Micheletti Robert G, Fishbein Gregory A, Currier Judith S, Singer Elyse J, Fishbein Michael C
Department of Medicine, Division of Infectious Diseases, University of California at Los Angeles, Los Angeles, CA 90035, USA.
Mod Pathol. 2008 Aug;21(8):1019-28. doi: 10.1038/modpathol.2008.89. Epub 2008 Jun 6.
Two well-recognized patterns of calcification occur in large- and medium-sized arteries, intimal calcification associated with atherosclerosis and medial calcification described by Mönckeberg. Calcification limited to the internal elastic lamina is a third pattern of calcification not previously reported in coronary arteries. Here we describe 19 cases of coronary artery internal elastic lamina calcification. We serially sectioned and examined the coronary arteries of 66 patients with advanced AIDS and 27 HIV- controls with other chronic illnesses. We observed calcification of the internal elastic lamina in 10 HIV+ patients and 9 controls. HIV- patients with internal elastic lamina calcification were significantly older than HIV- patients without it (P=0.008) and HIV+ patients with it (P=0.006).
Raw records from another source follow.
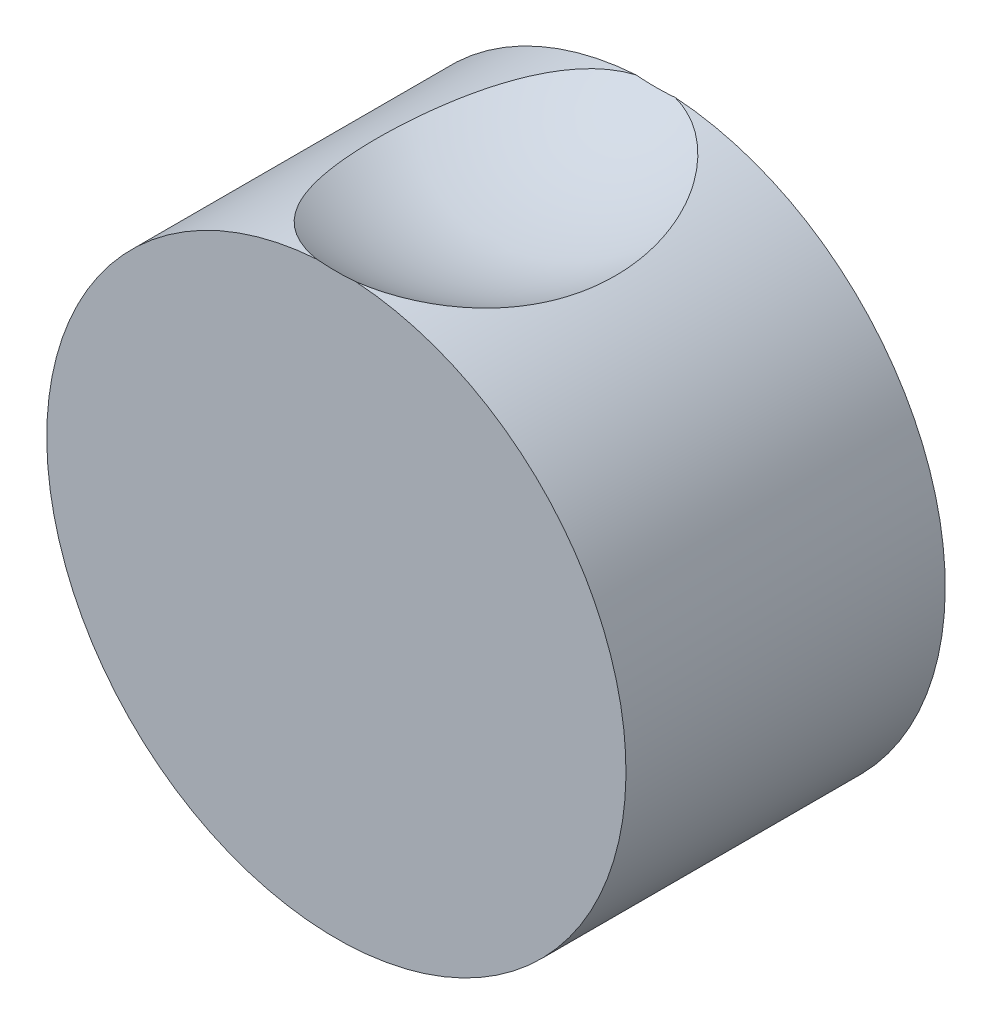
from build123d import *

# Parameters (mm, degrees)
SKETCH1_R           = 12.7
BOSS_EXTRUDE1_DEPTH = 7


with BuildPart() as part:
    # Sketch1 → Boss-Extrude1 (new, symmetric)
    with BuildSketch(Plane.XY):
        Circle(SKETCH1_R)
    extrude(amount=BOSS_EXTRUDE1_DEPTH, both=True)

    # Sketch3 → Cut-Revolve1 (revolve, cut)
    with BuildSketch(Plane(origin=(0, 0, 0), x_dir=(0, 0, -1), z_dir=(1, 0, 0))):
        with BuildLine():
            Line((0, 34.380510343), (0, 10.380510343))
            ThreePointArc((0, 10.380510343), (12, 22.380510343), (0, 34.380510343))
        make_face()
    revolve(axis=Axis((0, 34.380510343, 0), (0, -1, 0)), mode=Mode.SUBTRACT)


solid = part.part
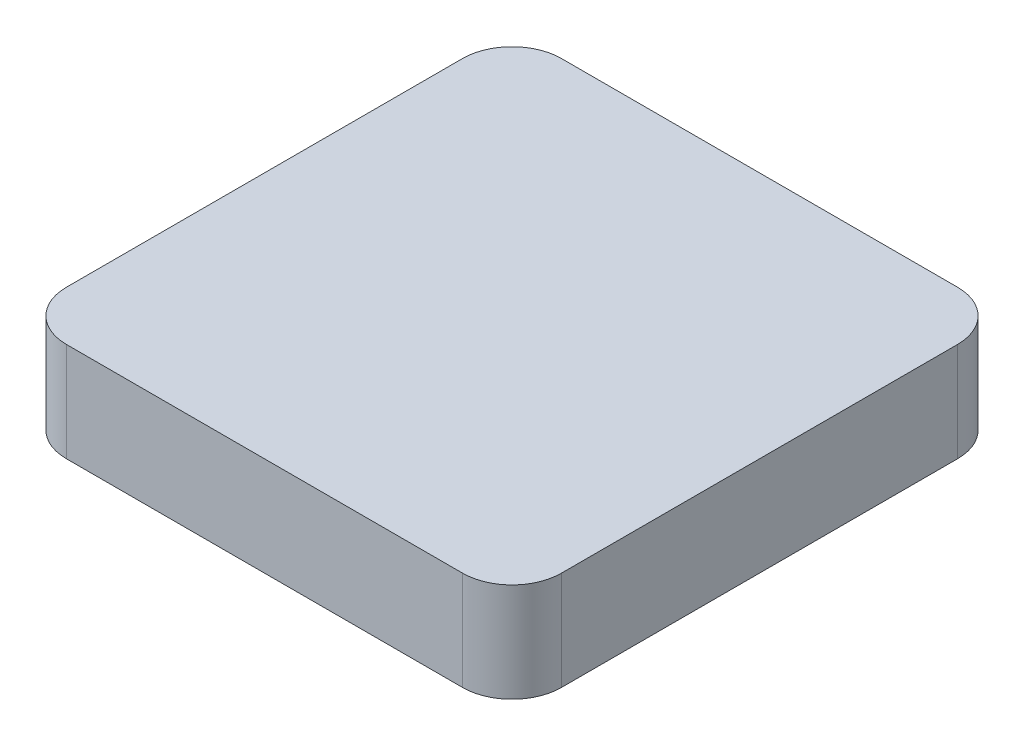
from build123d import *

# Parameters (mm, degrees)
SKETCH1_W           = 100
SKETCH1_H           = 100
BOSS_EXTRUDE1_DEPTH = 20
FILLET1_R           = 10


with BuildPart() as part:
    # Sketch1 → Boss-Extrude1 (new body)
    with BuildSketch(Plane(origin=(0, 0, 0), x_dir=(1, 0, 0), z_dir=(0, 1, 0))):
        Rectangle(SKETCH1_W, SKETCH1_H)
    extrude(amount=BOSS_EXTRUDE1_DEPTH)

    # Fillet1
    fillet1_edges = [part.edges().sort_by_distance(p)[0] for p in [
        (-50, 10, 50),
        (50, 10, 50),
        (50, 10, -50),
        (-50, 10, -50),
    ]]
    fillet(fillet1_edges, radius=FILLET1_R)


solid = part.part
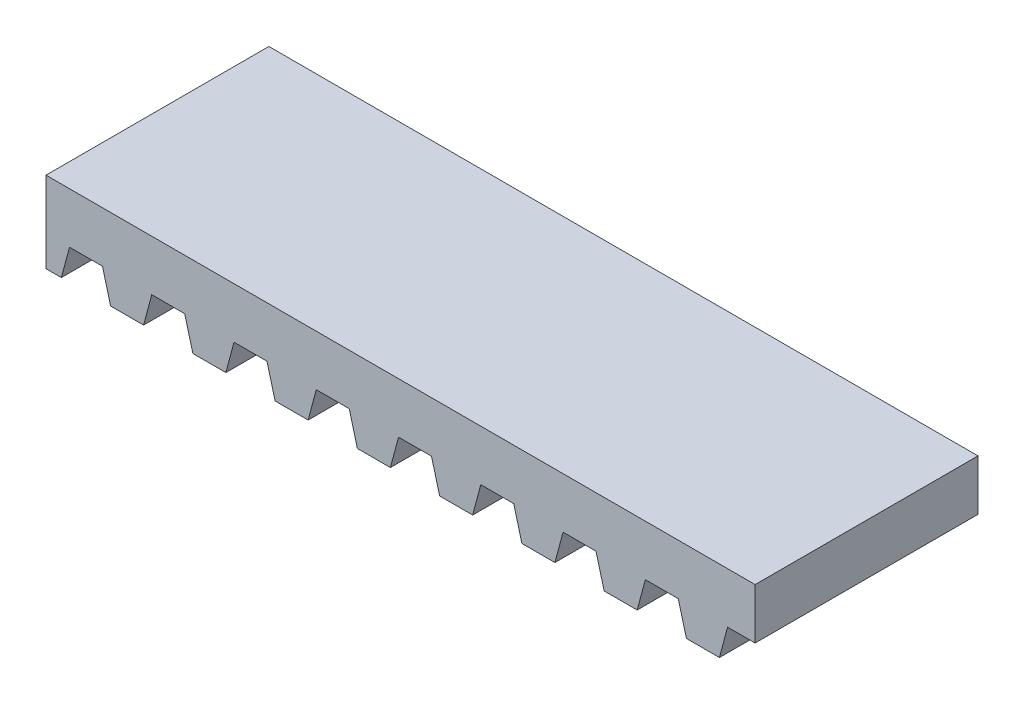
from build123d import *

# Parameters (mm, degrees)
SKETCH_1_W          = 70
SKETCH_1_H          = 5
EXTRUDE_1_DEPTH     = 22
EXTRUDE_2_DEPTH     = 10
SKETCH_3_R          = 1.7
CUT_EXTRUDE_1_DEPTH = 8
SKETCH_5_R          = 1.7
CUT_EXTRUDE_2_DEPTH = 8


with BuildPart() as part:
    # 草圖1 → 填料-伸長1 (new body)
    with BuildSketch(Plane.XY):
        with Locations((2.778517987, 7.348484848)):
            Rectangle(SKETCH_1_W, SKETCH_1_H)
    extrude(amount=EXTRUDE_1_DEPTH)

    # 草圖2 → 填料-伸長2 (add)
    with BuildSketch(Plane.XY.offset(22)):
        Polygon((-32.221482013, 1.848484848), (-30.705054647, 1.848484848), (-29.90120707, 4.848484848), (-32.221482013, 4.848484848), align=None)
        Polygon((-25.84420707, 1.848484848), (-22.585054647, 1.848484848), (-21.78120707, 4.848484848), (-26.648054647, 4.848484848), align=None)
        Polygon((-18.528054647, 4.848484848), (-17.72420707, 1.848484848), (-14.465054647, 1.848484848), (-13.66120707, 4.848484848), align=None)
        Polygon((-10.408054647, 4.848484848), (-9.60420707, 1.848484848), (-6.345054647, 1.848484848), (-5.54120707, 4.848484848), align=None)
        Polygon((-2.288054647, 4.848484848), (-1.48420707, 1.848484848), (1.774945353, 1.848484848), (2.57879293, 4.848484848), align=None)
        Polygon((5.831945353, 4.848484848), (6.63579293, 1.848484848), (9.894945353, 1.848484848), (10.69879293, 4.848484848), align=None)
        Polygon((13.951945353, 4.848484848), (14.75579293, 1.848484848), (18.014945353, 1.848484848), (18.81879293, 4.848484848), align=None)
        Polygon((22.071945353, 4.848484848), (22.87579293, 1.848484848), (26.134945353, 1.848484848), (26.93879293, 4.848484848), align=None)
        Polygon((30.191945353, 4.848484848), (30.99579293, 1.848484848), (34.254945353, 1.848484848), (35.05879293, 4.848484848), align=None)
    extrude(amount=-EXTRUDE_2_DEPTH)

    # 草圖3 → 除料-伸長1 (cut)
    with BuildSketch(Plane(origin=(0, 0, 0), x_dir=(-1, 0, 0), z_dir=(0, 0, -1))):
        with Locations((-32.778517987, 7.348484848)):
            Circle(SKETCH_3_R)
        with Locations((-2.778517987, 7.348484848)):
            Circle(SKETCH_3_R)
        with Locations((27.221482013, 7.348484848)):
            Circle(SKETCH_3_R)
    extrude(amount=-CUT_EXTRUDE_1_DEPTH, mode=Mode.SUBTRACT)

    # 草圖5 → 除料-伸長2 (cut)
    with BuildSketch(Plane.ZY.offset(32.221482013)):
        with Locations((10, 7.348484848)):
            Circle(SKETCH_5_R)
        with Locations((18, 7.348484848)):
            Circle(SKETCH_5_R)
    extrude(amount=-CUT_EXTRUDE_2_DEPTH, mode=Mode.SUBTRACT)


solid = part.part
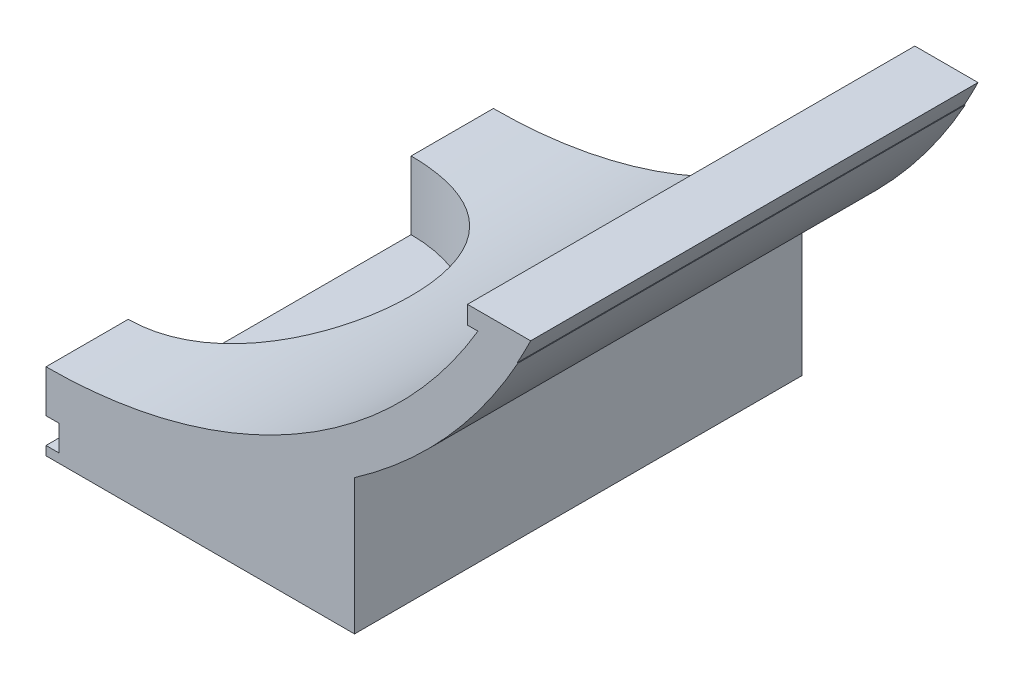
from build123d import *

# Parameters (mm, degrees)
SKETCH_1_R          = 210
SKETCH_1_R_2        = 203
EXTRUDE_2_DEPTH     = 174
EXTRUDE_START       = -174
EXTRUDE_4_DEPTH     = 174
CUT_EXTRUDE_1_DEPTH = 654
EXTRUDE_5_DEPTH     = 174
EXTRUDE_6_DEPTH     = 174
EXTRUDE_7_DEPTH     = 174
EXTRUDE_8_DEPTH     = 174
EXTRUDE_9_DEPTH     = 174
SKETCH_11_R         = 55
CUT_EXTRUDE_4_DEPTH = 221.5
CUT_EXTRUDE_5_DEPTH = 87
SKETCH_13_W         = 252.379443355
SKETCH_13_H         = 197.496269512
CUT_EXTRUDE_6_DEPTH = 244


with BuildPart() as part:
    # 草图1 → 凸台-拉伸2 (new body)
    with BuildSketch(Plane.XY):
        Circle(SKETCH_1_R)
        Circle(SKETCH_1_R_2, mode=Mode.SUBTRACT)
    extrude(amount=EXTRUDE_2_DEPTH)

    # 草图2 → 凸台-拉伸4 (add)
    with BuildSketch(Plane.XY.offset(174).offset(EXTRUDE_START)):
        with BuildLine():
            Line((-170.735431044, -102), (-173.735431044, -102))
            Line((-173.735431044, -102), (-175.513532242, -102))
            ThreePointArc((-175.513532242, -102), (-174.63092392, -103.50381834), (-173.735431044, -105))
            Line((-173.735431044, -105), (-170.735431044, -105))
            Line((-170.735431044, -105), (-170.735431044, -102))
        make_face()
        with BuildLine():
            ThreePointArc((173.735431044, -105), (174.63092392, -103.50381834), (175.513532242, -102))
            Line((175.513532242, -102), (173.735431044, -102))
            Line((173.735431044, -102), (170.735431044, -102))
            Line((170.735431044, -102), (170.735431044, -105))
            Line((170.735431044, -105), (173.735431044, -105))
        make_face()
    extrude(amount=EXTRUDE_4_DEPTH)

    # 草图3 → 切除-拉伸1 (cut)
    with BuildSketch(Plane.XY.offset(174)):
        Polygon((-170.735431044, -102), (238.333646515, -102), (254.334169784, 272.292523591), (-334.569415043, 221.85110305), (-306.830562533, -102), align=None)
    extrude(amount=-CUT_EXTRUDE_1_DEPTH, mode=Mode.SUBTRACT)

    # 草图5 → 凸台-拉伸5 (add)
    with BuildSketch(Plane.XY.offset(174).offset(EXTRUDE_START)):
        with BuildLine():
            Line((-120, -209.75), (-10.243900624, -209.75))
            ThreePointArc((-10.243900624, -209.75), (-67.755470707, -198.769203322), (-120, -172.336879396))
            Line((-120, -172.336879396), (-120, -209.75))
        make_face()
        with BuildLine():
            ThreePointArc((120, -172.336879396), (67.755470707, -198.769203322), (10.243900624, -209.75))
            Line((10.243900624, -209.75), (120, -209.75))
            Line((120, -209.75), (120, -172.336879396))
        make_face()
    extrude(amount=EXTRUDE_5_DEPTH)

    # 草图6 → 凸台-拉伸6 (add)
    with BuildSketch(Plane.XY.offset(174).offset(EXTRUDE_START)):
        with BuildLine():
            Line((-175.513532242, -102), (-166.195667814, -102))
            ThreePointArc((-166.195667814, -102), (0, -195), (166.195667814, -102))
            Line((166.195667814, -102), (175.513532242, -102))
            ThreePointArc((175.513532242, -102), (0, -203), (-175.513532242, -102))
        make_face()
    extrude(amount=EXTRUDE_6_DEPTH)

    # 草图7 → 凸台-拉伸7 (add)
    with BuildSketch(Plane.XY.offset(174).offset(EXTRUDE_START)):
        with BuildLine():
            Line((-166.933126535, -92), (-166.933126535, -95))
            Line((-166.933126535, -95), (-170.293863659, -95))
            ThreePointArc((-170.293863659, -95), (0, -195), (170.293863659, -95))
            Line((170.293863659, -95), (166.933126535, -95))
            Line((166.933126535, -95), (166.933126535, -92))
            Line((166.933126535, -92), (171.933126535, -92))
            Line((171.933126535, -92), (188.496850106, -92))
            ThreePointArc((188.496850106, -92), (0, -209.75), (-188.496850106, -92))
            Line((-188.496850106, -92), (-171.933126535, -92))
            Line((-171.933126535, -92), (-166.933126535, -92))
        make_face()
    extrude(amount=EXTRUDE_7_DEPTH)

    # 草图8 → 凸台-拉伸8 (add)
    with BuildSketch(Plane(origin=(0, 0, 0), x_dir=(-1, 0, 0), z_dir=(0, 0, -1))):
        with BuildLine():
            Line((166.933126535, -92), (163.933126535, -92))
            Line((163.933126535, -92), (163.933126535, -99))
            Line((163.933126535, -99), (168, -99))
            ThreePointArc((168, -99), (169.158755456, -97.006780447), (170.293863659, -95))
            Line((170.293863659, -95), (166.933126535, -95))
            Line((166.933126535, -95), (166.933126535, -92))
        make_face()
        with BuildLine():
            Line((-166.933126535, -95), (-170.293863659, -95))
            ThreePointArc((-170.293863659, -95), (-169.158755456, -97.006780447), (-168, -99))
            Line((-168, -99), (-163.933126535, -99))
            Line((-163.933126535, -99), (-163.933126535, -92))
            Line((-163.933126535, -92), (-166.933126535, -92))
            Line((-166.933126535, -92), (-166.933126535, -95))
        make_face()
    extrude(amount=-EXTRUDE_8_DEPTH)

    # 草图9 → 凸台-拉伸9 (add)
    with BuildSketch(Plane.XY.offset(174).offset(EXTRUDE_START)):
        with BuildLine():
            ThreePointArc((10.243900624, -209.75), (5.123475383, -209.937490697), (0, -210))
            Line((0, -210), (0, -225))
            Line((0, -225), (18.007375678, -225))
            Line((18.007375678, -225), (120, -225))
            Line((120, -225), (120, -209.75))
            Line((120, -209.75), (10.243900624, -209.75))
        make_face()
        with BuildLine():
            Line((0, -225), (0, -210))
            ThreePointArc((0, -210), (-5.123475383, -209.937490697), (-10.243900624, -209.75))
            Line((-10.243900624, -209.75), (-120, -209.75))
            Line((-120, -209.75), (-120, -225))
            Line((-120, -225), (0, -225))
        make_face()
    extrude(amount=EXTRUDE_9_DEPTH)

    # 草图11 → 切除-拉伸4 (cut)
    with BuildSketch(Plane(origin=(0, 0, 0), x_dir=(1, 0, 0), z_dir=(0, 1, 0))):
        with Locations(Location((0, -87, 0), (0, 0, 270))):
            Circle(SKETCH_11_R)
    extrude(amount=-CUT_EXTRUDE_4_DEPTH, mode=Mode.SUBTRACT)

    # 草图10 → 切除-拉伸5 (cut)
    with BuildSketch(Plane.XY.offset(174)):
        Polygon((5, -221.5), (-5, -221.5), (-5, -211.5), (0, -211.5), (5, -211.5), align=None)
    extrude(amount=-CUT_EXTRUDE_5_DEPTH, mode=Mode.SUBTRACT)

    # 草图13 → 切除-拉伸6 (cut)
    with BuildSketch(Plane(origin=(0, 0, 0), x_dir=(0, 0, -1), z_dir=(1, 0, 0))):
        with Locations((-79.30804003, -159.33156324)):
            Rectangle(SKETCH_13_W, SKETCH_13_H)
    extrude(amount=-CUT_EXTRUDE_6_DEPTH, mode=Mode.SUBTRACT)


solid = part.part

Occasionally, calcification encroached on adjacent intimal or medial tissue with mild fibrosis. There was frequent disruption of the internal elastic lamina but no evidence of inflammation. Calcification was the dominant histologic feature in all cases. Von Kossa, Alizarin red, and trichrome/elastic stains confirmed these findings. Patients with internal elastic lamina calcification often had extensive medical histories but did not suffer from chronic renal failure or other conditions known to cause calcium dysregulation. We describe coronary internal elastic lamina calcification in HIV+ patients and older HIV- adults. The clinical significance of this finding is unknown. It could lead to arterial stiffening and increased pulse pressure and could be mistaken for intimal calcification on coronary imaging. Internal elastic lamina calcification may result from premature aging due to HIV disease and chronic illness or from metabolic disorders in HIV+ patients.
在大中型动脉中出现两种公认的钙化模式,即与动脉粥样硬化相关的内膜钙化和由蒙克贝格描述的中膜钙化。局限于内弹性膜的钙化是冠状动脉中先前未报道的第三种钙化模式。在此,我们描述19例冠状动脉内弹性膜钙化病例。我们对66例晚期艾滋病患者和27例患有其他慢性疾病的HIV阴性对照者的冠状动脉进行了连续切片检查。我们在10例HIV阳性患者和9例对照者中观察到了内弹性膜钙化。有内弹性膜钙化的HIV阴性患者比无钙化的HIV阴性患者(P = 0.008)以及有钙化的HIV阳性患者(P = 0.006)年龄显著更大。偶尔,钙化会侵犯相邻的内膜或中膜组织并伴有轻度纤维化。内弹性膜常有破坏但无炎症迹象。钙化是所有病例中的主要组织学特征。冯·科萨染色、茜素红染色和三色/弹性染色证实了这些发现。有内弹性膜钙化的患者通常有广泛的病史,但未患慢性肾衰竭或其他已知会导致钙调节异常的疾病。我们描述了HIV阳性患者和老年HIV阴性成年人中的冠状动脉内弹性膜钙化。这一发现的临床意义尚不清楚。它可能导致动脉僵硬和脉压增加,并且在冠状动脉成像时可能被误诊为内膜钙化。内弹性膜钙化可能是由于HIV疾病和慢性疾病导致的早衰,或者是HIV阳性患者的代谢紊乱所致。